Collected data

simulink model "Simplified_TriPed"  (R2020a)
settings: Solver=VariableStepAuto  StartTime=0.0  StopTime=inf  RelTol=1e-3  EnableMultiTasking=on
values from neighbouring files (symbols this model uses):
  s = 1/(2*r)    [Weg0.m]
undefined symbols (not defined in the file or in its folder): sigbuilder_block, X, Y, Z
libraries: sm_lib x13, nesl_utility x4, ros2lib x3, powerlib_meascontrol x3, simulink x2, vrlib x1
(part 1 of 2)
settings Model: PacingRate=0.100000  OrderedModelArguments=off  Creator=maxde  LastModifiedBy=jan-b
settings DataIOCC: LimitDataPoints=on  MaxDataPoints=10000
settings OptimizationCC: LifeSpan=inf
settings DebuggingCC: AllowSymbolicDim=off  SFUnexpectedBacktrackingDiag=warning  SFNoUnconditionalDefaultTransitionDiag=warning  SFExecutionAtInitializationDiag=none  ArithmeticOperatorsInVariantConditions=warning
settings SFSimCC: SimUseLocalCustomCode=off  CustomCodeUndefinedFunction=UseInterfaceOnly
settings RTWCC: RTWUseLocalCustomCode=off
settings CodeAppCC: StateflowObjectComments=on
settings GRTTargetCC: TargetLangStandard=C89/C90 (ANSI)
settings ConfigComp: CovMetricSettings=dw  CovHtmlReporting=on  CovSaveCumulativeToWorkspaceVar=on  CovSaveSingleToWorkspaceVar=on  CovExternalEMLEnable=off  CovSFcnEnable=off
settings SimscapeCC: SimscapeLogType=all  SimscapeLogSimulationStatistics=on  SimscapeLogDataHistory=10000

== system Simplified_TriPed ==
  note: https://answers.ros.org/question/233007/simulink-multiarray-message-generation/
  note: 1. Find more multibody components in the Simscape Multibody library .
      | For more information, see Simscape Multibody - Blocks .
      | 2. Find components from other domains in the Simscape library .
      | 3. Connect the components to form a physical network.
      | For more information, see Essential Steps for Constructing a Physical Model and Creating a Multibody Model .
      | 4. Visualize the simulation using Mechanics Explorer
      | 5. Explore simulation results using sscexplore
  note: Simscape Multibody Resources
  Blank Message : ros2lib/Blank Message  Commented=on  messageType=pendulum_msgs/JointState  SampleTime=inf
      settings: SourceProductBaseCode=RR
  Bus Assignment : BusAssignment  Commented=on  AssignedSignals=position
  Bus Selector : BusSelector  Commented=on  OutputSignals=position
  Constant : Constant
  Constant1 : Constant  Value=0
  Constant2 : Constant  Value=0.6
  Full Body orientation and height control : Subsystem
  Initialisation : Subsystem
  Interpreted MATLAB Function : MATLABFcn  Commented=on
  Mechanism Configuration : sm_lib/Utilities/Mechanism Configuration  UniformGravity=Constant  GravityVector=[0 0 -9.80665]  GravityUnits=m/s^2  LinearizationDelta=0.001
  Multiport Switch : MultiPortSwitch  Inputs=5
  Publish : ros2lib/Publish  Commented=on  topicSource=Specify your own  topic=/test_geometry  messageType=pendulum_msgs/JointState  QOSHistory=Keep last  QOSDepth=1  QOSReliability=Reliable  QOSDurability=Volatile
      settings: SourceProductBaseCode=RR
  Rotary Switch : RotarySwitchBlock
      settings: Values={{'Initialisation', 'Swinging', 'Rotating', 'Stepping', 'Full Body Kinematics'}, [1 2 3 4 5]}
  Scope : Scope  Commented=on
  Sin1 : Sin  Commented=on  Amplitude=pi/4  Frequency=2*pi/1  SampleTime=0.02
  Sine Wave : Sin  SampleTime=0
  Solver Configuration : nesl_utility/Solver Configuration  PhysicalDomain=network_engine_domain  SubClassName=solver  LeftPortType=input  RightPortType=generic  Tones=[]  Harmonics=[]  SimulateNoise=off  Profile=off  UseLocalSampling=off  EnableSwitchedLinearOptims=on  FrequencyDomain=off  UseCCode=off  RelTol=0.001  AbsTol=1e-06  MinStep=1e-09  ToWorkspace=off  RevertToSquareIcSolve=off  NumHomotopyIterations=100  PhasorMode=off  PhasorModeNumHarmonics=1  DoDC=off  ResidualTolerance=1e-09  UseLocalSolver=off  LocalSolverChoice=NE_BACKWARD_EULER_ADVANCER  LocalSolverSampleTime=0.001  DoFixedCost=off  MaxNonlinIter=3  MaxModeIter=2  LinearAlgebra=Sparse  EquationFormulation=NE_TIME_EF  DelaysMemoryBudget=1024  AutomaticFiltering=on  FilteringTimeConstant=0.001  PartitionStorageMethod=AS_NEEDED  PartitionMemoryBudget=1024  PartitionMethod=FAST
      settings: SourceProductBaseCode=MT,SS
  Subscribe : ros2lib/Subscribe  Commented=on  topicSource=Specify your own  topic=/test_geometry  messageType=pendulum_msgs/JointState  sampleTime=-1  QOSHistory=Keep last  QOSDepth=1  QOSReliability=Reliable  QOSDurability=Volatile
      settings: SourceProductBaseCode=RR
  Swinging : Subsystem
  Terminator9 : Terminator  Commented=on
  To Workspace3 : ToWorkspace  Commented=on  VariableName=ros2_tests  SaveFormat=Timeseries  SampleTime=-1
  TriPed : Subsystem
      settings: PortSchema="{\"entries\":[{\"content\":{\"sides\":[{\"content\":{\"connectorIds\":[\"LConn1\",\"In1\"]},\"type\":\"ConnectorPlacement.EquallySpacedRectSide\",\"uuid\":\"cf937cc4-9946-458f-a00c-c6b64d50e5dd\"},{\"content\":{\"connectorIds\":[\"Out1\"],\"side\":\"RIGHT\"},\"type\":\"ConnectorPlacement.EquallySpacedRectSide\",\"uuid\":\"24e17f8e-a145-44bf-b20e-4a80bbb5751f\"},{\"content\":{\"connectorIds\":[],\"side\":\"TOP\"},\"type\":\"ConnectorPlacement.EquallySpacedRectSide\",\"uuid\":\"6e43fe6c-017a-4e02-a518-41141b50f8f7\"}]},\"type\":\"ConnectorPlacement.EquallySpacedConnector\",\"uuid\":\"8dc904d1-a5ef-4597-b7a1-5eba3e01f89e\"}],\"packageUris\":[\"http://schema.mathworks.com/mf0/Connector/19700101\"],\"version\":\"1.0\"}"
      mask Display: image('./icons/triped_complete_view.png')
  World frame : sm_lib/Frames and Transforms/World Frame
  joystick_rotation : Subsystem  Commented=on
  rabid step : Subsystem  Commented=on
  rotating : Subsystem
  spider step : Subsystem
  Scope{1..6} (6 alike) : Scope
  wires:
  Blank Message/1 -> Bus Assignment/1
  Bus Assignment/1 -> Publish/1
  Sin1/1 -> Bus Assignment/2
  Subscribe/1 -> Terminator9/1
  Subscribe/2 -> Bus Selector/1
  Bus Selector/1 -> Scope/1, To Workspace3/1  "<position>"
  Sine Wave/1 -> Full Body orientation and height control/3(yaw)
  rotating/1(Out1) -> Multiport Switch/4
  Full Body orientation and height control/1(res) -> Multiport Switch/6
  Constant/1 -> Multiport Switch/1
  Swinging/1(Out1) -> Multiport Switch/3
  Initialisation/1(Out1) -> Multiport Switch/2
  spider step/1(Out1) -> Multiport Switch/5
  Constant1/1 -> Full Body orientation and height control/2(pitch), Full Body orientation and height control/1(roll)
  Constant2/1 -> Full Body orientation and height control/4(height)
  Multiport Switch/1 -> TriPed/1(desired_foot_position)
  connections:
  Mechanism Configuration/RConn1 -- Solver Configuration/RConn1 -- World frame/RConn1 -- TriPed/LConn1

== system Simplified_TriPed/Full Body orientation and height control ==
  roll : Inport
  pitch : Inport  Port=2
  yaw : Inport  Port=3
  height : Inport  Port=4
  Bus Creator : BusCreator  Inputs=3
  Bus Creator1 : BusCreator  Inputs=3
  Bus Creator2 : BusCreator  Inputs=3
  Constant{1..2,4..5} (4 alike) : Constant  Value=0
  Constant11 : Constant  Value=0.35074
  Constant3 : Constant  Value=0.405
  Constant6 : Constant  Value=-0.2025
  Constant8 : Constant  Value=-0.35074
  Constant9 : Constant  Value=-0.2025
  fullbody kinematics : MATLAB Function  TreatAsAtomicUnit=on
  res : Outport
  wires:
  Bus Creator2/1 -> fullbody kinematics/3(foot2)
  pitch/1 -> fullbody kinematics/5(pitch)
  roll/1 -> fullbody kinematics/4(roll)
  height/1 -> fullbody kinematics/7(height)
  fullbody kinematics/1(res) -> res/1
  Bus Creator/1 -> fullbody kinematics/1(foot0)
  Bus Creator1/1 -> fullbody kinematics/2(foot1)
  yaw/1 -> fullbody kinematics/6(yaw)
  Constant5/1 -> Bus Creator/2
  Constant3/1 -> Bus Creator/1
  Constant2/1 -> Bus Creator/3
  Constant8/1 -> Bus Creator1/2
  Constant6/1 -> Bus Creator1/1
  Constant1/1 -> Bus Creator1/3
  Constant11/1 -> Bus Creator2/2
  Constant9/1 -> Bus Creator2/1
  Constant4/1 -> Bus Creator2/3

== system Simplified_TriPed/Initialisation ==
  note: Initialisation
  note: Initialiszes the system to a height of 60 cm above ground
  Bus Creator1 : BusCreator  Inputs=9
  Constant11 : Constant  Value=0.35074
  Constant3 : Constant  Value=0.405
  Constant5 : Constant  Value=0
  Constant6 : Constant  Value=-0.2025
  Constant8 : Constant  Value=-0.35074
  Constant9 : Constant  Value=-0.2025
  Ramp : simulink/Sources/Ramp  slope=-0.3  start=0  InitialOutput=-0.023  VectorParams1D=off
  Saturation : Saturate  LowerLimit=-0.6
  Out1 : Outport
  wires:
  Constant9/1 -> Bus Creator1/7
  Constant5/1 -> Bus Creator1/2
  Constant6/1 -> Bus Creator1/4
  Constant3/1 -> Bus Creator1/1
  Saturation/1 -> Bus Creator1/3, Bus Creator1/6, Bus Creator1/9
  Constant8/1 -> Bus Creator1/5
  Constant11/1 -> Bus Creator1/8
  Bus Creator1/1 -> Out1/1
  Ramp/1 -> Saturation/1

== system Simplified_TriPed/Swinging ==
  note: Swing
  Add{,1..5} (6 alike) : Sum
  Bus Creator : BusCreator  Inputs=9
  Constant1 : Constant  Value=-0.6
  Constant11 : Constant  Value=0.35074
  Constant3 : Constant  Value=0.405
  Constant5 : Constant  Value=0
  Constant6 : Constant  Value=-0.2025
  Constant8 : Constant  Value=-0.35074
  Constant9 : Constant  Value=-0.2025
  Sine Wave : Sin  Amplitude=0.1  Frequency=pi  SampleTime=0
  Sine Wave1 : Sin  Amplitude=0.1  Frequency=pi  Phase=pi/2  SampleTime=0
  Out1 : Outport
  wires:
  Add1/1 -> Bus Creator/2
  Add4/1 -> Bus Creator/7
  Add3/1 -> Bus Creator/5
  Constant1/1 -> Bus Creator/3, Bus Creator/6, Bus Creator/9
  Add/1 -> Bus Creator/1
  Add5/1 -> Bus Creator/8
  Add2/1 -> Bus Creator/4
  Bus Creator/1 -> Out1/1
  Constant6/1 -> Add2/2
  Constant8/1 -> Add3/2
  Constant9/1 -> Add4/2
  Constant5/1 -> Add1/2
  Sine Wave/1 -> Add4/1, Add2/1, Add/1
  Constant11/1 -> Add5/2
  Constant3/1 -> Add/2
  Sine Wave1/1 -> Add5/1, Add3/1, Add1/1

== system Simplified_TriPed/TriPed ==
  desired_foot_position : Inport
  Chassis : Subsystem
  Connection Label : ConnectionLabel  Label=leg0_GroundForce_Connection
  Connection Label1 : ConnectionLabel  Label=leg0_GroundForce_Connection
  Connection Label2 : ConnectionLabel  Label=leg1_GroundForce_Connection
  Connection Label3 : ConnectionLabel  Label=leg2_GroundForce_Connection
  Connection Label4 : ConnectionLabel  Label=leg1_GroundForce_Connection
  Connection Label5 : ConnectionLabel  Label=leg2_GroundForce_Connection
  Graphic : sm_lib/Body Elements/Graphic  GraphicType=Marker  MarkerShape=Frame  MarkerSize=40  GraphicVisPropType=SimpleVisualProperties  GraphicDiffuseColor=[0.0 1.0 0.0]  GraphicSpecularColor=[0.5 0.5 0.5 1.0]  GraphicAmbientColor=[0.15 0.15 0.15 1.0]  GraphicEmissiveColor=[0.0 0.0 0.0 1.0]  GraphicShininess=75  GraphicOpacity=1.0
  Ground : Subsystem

#### Work instruction:
Starting at the line that contains "settings ConfigComp: CovMetricSettings=dw" and stopping after the line that contains "Multiport Switch : MultiPortSwitch", write out every line exactly as it appears above, and no other line.

#### Response:
settings ConfigComp: CovMetricSettings=dw  CovHtmlReporting=on  CovSaveCumulativeToWorkspaceVar=on  CovSaveSingleToWorkspaceVar=on  CovExternalEMLEnable=off  CovSFcnEnable=off
settings SimscapeCC: SimscapeLogType=all  SimscapeLogSimulationStatistics=on  SimscapeLogDataHistory=10000

== system Simplified_TriPed ==
  note: https://answers.ros.org/question/233007/simulink-multiarray-message-generation/
  note: 1. Find more multibody components in the Simscape Multibody library .
      | For more information, see Simscape Multibody - Blocks .
      | 2. Find components from other domains in the Simscape library .
      | 3. Connect the components to form a physical network.
      | For more information, see Essential Steps for Constructing a Physical Model and Creating a Multibody Model .
      | 4. Visualize the simulation using Mechanics Explorer
      | 5. Explore simulation results using sscexplore
  note: Simscape Multibody Resources
  Blank Message : ros2lib/Blank Message  Commented=on  messageType=pendulum_msgs/JointState  SampleTime=inf
      settings: SourceProductBaseCode=RR
  Bus Assignment : BusAssignment  Commented=on  AssignedSignals=position
  Bus Selector : BusSelector  Commented=on  OutputSignals=position
  Constant : Constant
  Constant1 : Constant  Value=0
  Constant2 : Constant  Value=0.6
  Full Body orientation and height control : Subsystem
  Initialisation : Subsystem
  Interpreted MATLAB Function : MATLABFcn  Commented=on
  Mechanism Configuration : sm_lib/Utilities/Mechanism Configuration  UniformGravity=Constant  GravityVector=[0 0 -9.80665]  GravityUnits=m/s^2  LinearizationDelta=0.001
  Multiport Switch : MultiPortSwitch  Inputs=5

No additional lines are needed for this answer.